• _Task details_: Of all the lines in the entries below, give again exactly those starting at the line containing "Switch_/1 -> Term_setVelocity" and ending at the line containing "Switch_/2 -> Term_setVelocity", both ends included, and no others.
+ + +
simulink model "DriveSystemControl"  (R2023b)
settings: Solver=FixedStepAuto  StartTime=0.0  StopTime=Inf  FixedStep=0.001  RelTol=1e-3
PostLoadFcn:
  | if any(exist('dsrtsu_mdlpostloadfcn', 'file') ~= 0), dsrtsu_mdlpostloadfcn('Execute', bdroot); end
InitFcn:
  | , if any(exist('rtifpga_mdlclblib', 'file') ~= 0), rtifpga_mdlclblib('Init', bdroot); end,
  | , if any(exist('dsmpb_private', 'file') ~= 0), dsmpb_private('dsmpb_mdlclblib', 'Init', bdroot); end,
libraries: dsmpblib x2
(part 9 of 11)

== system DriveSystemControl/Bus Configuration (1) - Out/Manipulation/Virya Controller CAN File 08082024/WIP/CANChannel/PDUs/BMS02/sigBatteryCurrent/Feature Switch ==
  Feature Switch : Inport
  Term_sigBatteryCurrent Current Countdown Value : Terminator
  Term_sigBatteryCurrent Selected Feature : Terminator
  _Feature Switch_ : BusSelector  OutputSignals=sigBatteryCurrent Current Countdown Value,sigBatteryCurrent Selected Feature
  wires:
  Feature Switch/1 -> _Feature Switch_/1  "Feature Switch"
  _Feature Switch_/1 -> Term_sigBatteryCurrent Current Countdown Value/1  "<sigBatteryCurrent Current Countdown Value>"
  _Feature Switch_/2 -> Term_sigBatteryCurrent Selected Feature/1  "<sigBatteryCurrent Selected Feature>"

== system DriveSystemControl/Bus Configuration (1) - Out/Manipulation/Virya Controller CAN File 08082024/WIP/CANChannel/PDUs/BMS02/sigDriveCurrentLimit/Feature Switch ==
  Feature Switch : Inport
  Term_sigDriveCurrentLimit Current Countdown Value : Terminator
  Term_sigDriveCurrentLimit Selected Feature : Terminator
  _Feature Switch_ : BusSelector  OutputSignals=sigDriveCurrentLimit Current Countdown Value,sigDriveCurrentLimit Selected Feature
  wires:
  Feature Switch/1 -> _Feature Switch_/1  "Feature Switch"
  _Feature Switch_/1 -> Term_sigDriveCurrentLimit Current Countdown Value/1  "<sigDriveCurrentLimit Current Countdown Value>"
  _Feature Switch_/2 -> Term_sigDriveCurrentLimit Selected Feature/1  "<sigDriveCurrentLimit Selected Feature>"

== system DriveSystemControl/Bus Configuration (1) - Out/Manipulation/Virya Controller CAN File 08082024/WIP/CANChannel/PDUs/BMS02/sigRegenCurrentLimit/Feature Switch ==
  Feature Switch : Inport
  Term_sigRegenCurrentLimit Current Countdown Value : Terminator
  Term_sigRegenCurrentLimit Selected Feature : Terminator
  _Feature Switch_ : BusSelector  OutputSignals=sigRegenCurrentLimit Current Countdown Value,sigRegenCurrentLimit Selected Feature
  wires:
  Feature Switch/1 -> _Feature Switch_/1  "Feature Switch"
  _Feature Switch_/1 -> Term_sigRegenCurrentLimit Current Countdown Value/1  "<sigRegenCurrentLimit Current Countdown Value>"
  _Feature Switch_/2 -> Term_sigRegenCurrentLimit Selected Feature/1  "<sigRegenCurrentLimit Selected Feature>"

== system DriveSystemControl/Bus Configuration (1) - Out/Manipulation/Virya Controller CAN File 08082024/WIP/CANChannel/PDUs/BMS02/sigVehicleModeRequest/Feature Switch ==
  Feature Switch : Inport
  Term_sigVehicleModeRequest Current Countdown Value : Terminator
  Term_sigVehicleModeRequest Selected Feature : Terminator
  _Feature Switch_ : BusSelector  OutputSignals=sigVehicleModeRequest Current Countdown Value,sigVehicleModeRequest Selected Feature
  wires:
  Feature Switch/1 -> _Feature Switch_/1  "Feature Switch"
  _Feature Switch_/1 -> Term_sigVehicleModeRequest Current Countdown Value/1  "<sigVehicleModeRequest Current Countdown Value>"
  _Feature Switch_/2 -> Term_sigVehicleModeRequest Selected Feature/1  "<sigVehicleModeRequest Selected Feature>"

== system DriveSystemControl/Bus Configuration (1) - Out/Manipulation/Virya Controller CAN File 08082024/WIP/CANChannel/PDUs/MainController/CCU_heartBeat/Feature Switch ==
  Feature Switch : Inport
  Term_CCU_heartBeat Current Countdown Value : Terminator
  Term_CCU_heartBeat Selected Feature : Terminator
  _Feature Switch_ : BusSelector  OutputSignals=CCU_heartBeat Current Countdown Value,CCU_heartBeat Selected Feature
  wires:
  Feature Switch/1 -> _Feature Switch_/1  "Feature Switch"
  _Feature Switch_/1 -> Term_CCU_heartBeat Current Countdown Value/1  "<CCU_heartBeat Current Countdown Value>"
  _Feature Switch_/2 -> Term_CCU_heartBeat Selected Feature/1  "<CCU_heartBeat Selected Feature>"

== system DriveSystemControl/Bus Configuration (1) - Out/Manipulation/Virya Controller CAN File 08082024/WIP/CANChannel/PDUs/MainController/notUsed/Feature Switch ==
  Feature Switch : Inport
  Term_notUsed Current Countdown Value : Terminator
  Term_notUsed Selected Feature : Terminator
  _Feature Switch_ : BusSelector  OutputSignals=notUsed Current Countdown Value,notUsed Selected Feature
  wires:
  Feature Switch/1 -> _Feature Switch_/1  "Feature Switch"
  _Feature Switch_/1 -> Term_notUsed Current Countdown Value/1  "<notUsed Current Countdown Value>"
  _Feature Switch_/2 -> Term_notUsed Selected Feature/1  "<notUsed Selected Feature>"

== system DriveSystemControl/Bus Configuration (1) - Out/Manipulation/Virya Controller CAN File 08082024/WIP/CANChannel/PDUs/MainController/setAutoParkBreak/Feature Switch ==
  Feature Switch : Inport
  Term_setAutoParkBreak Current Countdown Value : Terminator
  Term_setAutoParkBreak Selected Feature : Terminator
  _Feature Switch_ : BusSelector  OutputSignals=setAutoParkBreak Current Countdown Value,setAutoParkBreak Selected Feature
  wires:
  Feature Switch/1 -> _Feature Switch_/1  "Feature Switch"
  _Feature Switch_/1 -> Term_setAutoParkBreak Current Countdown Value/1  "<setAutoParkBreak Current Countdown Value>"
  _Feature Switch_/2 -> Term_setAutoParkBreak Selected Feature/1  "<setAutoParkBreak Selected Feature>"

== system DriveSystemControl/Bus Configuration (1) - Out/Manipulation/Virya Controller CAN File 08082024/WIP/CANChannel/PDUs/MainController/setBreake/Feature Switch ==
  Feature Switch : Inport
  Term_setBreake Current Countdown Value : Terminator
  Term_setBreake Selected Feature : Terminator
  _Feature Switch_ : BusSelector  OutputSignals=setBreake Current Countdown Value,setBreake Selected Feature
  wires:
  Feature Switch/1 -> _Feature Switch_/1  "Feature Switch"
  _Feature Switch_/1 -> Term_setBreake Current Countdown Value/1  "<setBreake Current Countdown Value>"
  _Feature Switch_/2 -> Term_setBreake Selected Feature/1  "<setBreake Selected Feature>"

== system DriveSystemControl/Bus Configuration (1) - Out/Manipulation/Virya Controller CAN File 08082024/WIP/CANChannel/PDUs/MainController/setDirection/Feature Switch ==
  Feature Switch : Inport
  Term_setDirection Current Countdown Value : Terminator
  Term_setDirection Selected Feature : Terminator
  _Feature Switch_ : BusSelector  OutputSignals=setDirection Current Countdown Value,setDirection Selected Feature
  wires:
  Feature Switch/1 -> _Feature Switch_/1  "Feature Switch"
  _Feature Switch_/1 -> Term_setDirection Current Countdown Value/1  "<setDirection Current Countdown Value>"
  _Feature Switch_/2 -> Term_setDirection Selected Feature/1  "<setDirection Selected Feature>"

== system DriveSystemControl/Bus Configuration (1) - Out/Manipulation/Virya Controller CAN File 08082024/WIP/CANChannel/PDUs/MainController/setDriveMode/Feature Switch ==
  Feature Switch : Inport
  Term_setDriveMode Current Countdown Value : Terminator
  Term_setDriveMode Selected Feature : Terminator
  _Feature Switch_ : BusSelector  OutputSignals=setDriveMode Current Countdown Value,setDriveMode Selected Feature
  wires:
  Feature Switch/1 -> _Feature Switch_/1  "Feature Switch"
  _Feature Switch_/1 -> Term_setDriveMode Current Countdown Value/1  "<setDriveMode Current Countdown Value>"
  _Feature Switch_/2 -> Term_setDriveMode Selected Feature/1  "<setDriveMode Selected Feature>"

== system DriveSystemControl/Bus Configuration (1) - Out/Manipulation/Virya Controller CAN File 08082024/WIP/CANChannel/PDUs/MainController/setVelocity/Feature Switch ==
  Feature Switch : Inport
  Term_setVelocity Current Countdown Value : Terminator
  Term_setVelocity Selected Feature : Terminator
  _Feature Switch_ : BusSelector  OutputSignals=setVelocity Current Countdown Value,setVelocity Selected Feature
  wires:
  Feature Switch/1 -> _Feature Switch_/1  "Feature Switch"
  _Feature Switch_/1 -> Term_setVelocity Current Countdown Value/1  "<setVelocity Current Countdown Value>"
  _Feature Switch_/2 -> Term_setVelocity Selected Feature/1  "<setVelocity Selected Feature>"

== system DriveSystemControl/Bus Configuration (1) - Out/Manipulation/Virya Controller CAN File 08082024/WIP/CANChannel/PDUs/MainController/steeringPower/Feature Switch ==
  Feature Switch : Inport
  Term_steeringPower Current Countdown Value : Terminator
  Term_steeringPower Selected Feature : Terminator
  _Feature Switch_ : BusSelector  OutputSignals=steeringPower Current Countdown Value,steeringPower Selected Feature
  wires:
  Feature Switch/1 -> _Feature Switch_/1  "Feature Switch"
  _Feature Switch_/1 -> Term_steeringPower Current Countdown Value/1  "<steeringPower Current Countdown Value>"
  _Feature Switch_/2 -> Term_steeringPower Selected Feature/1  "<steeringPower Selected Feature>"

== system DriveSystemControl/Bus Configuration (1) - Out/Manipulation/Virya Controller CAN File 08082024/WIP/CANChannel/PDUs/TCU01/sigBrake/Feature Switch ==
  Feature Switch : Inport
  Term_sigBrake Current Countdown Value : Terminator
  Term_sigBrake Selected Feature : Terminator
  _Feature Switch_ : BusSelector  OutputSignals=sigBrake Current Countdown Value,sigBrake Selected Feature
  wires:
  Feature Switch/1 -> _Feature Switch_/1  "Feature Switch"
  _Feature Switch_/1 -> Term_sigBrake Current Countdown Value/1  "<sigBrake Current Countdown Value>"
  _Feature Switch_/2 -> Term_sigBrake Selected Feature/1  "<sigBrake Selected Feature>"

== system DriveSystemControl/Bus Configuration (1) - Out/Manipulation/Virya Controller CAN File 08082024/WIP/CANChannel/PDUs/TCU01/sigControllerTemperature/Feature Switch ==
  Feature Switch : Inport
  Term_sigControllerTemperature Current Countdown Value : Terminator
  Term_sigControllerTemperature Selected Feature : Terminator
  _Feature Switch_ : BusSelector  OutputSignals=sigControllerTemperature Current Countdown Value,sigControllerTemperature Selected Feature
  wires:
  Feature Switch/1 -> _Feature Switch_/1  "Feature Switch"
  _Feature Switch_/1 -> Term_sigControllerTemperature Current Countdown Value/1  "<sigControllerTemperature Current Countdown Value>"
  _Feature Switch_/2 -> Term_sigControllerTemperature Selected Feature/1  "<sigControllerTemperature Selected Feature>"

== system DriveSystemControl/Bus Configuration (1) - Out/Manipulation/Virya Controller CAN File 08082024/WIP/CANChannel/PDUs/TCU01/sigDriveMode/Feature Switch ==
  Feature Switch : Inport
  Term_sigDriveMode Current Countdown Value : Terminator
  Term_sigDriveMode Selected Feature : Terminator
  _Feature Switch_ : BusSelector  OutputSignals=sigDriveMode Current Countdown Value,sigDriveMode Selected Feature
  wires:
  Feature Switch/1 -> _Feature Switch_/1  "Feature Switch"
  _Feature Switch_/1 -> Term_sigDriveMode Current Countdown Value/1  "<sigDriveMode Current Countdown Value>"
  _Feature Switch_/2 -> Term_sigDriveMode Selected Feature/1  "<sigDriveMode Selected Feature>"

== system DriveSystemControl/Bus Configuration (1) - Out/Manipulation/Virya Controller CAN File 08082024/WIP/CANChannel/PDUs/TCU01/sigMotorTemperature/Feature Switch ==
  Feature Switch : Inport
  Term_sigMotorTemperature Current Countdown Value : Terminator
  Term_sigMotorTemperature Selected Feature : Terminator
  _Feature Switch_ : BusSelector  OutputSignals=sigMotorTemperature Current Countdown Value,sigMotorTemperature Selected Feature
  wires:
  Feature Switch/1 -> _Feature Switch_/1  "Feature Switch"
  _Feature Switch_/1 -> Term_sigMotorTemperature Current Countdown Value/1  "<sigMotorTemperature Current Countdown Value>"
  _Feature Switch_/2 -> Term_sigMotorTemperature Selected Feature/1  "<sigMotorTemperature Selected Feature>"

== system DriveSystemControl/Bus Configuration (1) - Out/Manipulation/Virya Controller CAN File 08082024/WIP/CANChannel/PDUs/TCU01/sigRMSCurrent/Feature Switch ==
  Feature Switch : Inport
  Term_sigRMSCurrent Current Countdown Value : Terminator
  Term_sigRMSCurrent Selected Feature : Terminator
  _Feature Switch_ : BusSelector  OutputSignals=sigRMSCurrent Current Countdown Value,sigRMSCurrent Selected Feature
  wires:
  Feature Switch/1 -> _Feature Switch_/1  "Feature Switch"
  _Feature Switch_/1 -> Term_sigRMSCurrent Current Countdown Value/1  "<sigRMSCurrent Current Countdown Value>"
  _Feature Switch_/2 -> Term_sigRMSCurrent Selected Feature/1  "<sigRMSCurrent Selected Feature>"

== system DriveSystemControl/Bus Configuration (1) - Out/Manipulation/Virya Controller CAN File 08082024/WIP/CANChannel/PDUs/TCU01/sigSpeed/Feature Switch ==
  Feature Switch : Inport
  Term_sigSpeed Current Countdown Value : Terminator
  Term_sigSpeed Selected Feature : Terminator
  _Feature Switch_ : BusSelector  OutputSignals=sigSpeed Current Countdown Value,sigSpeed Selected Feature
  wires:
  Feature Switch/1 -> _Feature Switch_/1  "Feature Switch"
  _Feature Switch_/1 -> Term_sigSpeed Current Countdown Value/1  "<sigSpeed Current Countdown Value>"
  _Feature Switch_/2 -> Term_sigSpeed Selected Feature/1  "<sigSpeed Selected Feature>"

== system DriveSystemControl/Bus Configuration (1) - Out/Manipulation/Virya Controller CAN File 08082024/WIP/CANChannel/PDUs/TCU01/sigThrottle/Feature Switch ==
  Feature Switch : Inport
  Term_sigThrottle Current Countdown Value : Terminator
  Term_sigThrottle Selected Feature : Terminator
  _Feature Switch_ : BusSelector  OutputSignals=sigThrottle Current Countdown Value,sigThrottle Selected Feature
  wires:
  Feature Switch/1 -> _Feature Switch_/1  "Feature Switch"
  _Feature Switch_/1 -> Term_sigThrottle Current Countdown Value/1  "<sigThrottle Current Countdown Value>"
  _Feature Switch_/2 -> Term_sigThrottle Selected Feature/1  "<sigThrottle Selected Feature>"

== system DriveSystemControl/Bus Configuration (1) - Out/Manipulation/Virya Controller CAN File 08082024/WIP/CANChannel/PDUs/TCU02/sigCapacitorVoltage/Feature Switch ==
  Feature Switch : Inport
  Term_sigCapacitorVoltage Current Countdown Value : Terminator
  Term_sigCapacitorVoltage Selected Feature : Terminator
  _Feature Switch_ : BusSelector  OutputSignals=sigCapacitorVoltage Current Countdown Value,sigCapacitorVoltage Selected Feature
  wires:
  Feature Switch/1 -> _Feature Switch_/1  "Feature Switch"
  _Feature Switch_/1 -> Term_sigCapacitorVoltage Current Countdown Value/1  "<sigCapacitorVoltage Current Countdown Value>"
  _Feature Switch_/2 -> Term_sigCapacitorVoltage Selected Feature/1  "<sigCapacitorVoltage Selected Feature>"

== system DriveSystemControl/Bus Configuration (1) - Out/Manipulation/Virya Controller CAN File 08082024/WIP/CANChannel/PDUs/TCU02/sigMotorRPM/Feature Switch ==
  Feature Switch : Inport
+ + +
• _Task result_:
  _Feature Switch_/1 -> Term_setVelocity Current Countdown Value/1  "<setVelocity Current Countdown Value>"
  _Feature Switch_/2 -> Term_setVelocity Selected Feature/1  "<setVelocity Selected Feature>"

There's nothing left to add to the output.